■ Problem to work on: Show me every line in the listing that has the word "width".

■ Records shown:

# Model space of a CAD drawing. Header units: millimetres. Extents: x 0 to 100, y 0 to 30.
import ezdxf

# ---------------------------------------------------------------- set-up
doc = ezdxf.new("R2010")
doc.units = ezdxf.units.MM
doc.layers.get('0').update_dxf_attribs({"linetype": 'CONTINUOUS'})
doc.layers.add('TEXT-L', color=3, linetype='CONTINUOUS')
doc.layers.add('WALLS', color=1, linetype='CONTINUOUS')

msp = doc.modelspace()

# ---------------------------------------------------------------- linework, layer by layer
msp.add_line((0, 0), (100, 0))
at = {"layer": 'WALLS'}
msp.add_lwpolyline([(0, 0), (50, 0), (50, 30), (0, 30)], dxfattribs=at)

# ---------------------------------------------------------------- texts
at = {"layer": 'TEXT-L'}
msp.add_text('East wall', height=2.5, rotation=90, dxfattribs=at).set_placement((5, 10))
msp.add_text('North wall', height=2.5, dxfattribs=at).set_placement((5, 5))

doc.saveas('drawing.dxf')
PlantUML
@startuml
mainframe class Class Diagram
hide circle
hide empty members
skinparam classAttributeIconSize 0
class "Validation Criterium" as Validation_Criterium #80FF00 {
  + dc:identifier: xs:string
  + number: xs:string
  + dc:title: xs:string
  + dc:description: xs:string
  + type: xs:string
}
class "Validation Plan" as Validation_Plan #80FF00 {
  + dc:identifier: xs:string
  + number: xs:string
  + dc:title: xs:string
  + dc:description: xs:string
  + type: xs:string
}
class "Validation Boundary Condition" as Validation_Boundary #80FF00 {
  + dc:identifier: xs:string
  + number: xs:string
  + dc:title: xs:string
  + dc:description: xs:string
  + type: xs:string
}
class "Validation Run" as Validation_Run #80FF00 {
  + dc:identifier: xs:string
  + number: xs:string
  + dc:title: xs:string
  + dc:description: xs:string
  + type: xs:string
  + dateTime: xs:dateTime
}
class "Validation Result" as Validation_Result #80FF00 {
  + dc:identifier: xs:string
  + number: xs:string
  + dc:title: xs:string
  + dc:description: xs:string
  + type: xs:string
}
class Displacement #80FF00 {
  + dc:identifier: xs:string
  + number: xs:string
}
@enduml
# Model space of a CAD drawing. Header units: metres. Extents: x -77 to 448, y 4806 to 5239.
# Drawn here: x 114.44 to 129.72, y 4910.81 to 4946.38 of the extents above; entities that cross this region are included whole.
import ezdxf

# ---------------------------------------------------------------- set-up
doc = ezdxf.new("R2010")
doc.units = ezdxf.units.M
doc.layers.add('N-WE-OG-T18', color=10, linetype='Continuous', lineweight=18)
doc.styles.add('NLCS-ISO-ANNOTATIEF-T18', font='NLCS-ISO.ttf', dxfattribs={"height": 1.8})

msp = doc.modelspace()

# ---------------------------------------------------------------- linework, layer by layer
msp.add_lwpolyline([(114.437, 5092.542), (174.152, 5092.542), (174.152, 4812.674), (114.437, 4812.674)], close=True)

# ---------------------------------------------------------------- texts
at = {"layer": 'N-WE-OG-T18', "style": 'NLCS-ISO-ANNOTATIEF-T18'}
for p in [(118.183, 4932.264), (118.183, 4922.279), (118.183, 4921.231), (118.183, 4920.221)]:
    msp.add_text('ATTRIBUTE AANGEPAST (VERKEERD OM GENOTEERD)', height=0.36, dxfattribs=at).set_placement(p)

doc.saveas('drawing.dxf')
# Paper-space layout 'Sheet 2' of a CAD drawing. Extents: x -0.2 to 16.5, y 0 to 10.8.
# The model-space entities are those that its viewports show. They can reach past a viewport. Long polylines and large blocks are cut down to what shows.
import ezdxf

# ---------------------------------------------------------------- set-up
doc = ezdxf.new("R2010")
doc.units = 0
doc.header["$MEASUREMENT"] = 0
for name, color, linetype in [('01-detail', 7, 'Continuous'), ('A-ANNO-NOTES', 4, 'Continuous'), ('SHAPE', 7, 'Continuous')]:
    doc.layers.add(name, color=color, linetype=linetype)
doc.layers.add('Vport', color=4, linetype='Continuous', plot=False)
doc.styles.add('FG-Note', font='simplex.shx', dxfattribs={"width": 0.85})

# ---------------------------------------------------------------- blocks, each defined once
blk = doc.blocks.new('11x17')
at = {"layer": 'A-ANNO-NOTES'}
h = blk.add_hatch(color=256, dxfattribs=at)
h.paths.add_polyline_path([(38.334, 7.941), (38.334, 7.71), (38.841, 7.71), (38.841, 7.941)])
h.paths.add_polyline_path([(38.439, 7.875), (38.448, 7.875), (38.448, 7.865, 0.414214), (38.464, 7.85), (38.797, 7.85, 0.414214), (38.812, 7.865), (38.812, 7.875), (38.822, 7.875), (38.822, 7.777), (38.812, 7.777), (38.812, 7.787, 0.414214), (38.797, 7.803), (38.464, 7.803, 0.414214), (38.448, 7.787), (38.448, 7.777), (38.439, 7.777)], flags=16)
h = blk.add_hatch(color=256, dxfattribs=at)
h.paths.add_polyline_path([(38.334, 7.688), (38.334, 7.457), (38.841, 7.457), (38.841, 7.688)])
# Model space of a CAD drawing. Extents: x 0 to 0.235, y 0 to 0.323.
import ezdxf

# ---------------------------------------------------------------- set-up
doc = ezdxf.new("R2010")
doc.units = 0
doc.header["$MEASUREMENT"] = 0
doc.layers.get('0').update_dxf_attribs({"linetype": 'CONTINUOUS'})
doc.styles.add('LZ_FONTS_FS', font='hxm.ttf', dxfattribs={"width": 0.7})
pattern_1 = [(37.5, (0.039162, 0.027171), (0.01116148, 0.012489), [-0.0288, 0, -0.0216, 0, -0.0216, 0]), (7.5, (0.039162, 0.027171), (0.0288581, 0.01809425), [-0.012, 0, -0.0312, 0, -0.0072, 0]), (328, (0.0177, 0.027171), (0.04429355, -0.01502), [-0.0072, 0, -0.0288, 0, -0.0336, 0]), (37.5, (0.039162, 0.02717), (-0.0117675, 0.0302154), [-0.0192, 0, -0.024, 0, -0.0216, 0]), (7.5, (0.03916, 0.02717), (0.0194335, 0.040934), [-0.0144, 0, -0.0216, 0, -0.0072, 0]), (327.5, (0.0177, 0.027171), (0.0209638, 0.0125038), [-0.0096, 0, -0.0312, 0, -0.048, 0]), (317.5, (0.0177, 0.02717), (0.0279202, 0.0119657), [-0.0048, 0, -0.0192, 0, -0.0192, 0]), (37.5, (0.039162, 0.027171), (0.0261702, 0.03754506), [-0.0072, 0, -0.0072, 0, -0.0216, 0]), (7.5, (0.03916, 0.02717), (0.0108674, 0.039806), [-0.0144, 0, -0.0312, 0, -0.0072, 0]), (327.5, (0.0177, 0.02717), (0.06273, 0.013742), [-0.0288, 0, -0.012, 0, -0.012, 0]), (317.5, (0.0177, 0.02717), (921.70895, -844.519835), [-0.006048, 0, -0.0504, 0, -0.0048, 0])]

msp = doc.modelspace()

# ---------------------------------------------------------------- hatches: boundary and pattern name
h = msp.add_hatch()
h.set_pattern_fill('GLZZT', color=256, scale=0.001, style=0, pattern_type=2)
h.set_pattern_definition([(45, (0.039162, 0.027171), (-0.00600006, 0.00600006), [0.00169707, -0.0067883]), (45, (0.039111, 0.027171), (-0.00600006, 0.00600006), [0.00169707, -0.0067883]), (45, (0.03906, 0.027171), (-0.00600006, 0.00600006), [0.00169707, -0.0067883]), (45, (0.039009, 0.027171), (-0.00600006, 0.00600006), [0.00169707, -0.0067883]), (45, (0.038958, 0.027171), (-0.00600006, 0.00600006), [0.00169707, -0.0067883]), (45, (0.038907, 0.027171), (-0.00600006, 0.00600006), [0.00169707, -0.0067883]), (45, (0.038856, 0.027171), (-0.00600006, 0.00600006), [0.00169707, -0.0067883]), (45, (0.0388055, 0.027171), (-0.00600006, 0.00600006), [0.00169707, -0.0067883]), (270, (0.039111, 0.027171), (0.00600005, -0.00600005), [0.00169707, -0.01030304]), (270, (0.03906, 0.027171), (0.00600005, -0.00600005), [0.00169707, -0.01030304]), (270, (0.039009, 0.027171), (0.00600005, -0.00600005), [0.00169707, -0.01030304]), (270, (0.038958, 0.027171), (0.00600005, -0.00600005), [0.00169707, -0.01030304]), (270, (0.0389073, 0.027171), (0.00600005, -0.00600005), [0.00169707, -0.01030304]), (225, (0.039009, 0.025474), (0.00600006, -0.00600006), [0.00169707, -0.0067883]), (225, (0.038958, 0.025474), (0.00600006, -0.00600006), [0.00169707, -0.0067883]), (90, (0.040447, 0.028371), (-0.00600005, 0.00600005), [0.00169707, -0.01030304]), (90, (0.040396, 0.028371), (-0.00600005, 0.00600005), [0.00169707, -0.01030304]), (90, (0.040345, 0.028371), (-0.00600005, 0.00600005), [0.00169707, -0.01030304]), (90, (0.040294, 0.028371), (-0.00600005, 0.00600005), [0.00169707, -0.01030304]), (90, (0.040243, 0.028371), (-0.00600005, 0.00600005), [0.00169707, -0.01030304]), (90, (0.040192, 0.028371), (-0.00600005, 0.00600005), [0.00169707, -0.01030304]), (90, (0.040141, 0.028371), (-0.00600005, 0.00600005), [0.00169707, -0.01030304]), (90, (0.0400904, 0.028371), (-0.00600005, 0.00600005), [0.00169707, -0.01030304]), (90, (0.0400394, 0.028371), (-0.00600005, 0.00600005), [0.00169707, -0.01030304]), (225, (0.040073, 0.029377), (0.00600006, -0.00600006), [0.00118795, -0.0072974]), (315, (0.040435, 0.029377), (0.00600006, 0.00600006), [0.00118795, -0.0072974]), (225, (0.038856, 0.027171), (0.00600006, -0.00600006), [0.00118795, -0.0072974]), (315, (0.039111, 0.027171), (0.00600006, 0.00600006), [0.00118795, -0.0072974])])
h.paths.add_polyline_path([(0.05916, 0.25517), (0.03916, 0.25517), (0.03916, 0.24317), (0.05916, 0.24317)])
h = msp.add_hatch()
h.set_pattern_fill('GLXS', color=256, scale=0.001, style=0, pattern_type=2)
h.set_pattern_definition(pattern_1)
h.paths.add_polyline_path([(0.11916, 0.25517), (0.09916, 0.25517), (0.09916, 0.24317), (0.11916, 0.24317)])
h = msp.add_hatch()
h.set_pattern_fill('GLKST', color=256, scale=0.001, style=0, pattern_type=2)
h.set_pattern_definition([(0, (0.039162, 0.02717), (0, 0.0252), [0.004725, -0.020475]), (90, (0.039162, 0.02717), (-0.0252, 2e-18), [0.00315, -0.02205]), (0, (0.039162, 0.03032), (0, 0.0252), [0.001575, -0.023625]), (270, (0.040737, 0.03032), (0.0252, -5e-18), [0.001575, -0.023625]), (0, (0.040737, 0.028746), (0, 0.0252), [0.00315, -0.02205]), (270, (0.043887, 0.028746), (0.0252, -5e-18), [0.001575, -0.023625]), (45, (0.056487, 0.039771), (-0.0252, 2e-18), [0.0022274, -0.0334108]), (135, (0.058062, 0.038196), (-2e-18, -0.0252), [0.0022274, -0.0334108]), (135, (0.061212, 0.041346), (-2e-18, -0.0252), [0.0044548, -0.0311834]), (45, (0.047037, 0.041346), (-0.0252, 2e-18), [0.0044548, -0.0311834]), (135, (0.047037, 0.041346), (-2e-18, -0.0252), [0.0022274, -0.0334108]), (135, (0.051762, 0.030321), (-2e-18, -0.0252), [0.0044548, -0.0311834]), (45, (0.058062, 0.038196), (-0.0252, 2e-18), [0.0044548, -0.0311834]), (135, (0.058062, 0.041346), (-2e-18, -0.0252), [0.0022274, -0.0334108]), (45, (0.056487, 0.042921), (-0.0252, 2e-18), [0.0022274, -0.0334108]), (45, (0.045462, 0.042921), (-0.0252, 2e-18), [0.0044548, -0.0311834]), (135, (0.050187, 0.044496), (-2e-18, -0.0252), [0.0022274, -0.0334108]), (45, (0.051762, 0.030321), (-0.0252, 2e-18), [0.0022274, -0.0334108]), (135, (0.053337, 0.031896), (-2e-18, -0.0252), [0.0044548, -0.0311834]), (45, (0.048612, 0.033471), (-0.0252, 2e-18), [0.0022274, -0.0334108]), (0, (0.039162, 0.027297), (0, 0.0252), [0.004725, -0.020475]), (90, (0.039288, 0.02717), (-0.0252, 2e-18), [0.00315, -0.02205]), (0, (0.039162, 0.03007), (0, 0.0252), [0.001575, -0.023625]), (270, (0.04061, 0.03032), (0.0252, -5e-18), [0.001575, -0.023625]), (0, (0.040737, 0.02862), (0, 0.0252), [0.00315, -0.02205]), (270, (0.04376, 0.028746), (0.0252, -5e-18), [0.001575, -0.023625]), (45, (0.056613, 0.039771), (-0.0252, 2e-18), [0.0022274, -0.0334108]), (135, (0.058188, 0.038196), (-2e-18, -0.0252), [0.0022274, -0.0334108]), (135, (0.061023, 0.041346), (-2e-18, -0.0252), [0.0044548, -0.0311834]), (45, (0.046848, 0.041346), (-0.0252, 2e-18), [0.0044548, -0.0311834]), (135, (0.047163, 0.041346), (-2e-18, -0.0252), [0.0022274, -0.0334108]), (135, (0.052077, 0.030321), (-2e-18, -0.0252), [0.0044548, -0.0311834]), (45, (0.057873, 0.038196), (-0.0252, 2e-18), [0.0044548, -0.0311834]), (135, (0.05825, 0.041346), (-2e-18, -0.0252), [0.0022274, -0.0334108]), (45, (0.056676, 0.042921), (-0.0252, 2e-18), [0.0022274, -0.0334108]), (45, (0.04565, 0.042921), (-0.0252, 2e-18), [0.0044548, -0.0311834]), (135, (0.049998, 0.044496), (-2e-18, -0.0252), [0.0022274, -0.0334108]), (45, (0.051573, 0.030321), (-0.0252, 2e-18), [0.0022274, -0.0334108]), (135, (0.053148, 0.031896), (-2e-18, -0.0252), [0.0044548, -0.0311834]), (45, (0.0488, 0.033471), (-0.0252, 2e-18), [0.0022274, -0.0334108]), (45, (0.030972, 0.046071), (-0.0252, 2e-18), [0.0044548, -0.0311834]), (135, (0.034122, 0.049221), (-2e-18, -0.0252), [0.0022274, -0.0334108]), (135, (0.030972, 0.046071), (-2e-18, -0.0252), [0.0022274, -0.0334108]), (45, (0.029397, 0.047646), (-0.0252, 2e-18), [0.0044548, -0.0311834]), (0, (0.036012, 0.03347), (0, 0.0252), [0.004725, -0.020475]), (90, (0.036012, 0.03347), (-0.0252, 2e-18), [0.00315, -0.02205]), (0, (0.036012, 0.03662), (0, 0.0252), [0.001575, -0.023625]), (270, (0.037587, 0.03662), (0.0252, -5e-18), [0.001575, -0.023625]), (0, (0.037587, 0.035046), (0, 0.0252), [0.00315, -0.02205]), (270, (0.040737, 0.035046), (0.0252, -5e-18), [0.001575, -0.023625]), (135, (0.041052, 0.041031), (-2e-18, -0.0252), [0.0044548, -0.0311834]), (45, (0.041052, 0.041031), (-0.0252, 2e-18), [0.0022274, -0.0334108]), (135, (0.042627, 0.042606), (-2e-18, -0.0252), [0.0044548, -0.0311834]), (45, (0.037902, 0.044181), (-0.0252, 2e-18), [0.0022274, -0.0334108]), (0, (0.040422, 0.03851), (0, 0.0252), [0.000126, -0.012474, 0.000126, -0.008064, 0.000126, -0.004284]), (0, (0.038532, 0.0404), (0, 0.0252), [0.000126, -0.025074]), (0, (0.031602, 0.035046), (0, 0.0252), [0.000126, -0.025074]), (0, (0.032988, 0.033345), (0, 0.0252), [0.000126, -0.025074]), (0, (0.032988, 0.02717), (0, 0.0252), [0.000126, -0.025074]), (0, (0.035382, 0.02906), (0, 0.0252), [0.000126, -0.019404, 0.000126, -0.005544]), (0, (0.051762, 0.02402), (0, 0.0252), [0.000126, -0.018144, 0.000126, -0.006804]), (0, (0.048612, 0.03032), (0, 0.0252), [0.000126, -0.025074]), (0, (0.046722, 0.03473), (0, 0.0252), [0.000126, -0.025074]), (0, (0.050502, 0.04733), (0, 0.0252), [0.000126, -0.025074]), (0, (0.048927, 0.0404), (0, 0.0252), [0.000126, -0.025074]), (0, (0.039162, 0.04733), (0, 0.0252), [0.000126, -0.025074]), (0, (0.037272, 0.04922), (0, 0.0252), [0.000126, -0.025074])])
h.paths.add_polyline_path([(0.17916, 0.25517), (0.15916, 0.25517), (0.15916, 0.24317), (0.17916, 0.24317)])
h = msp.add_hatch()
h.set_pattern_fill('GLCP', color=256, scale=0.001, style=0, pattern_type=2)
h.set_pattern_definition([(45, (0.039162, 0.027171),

■ Answer box:
doc.styles.add('FG-Note', font='simplex.shx', dxfattribs={"width": 0.85})
doc.styles.add('LZ_FONTS_FS', font='hxm.ttf', dxfattribs={"width": 0.7})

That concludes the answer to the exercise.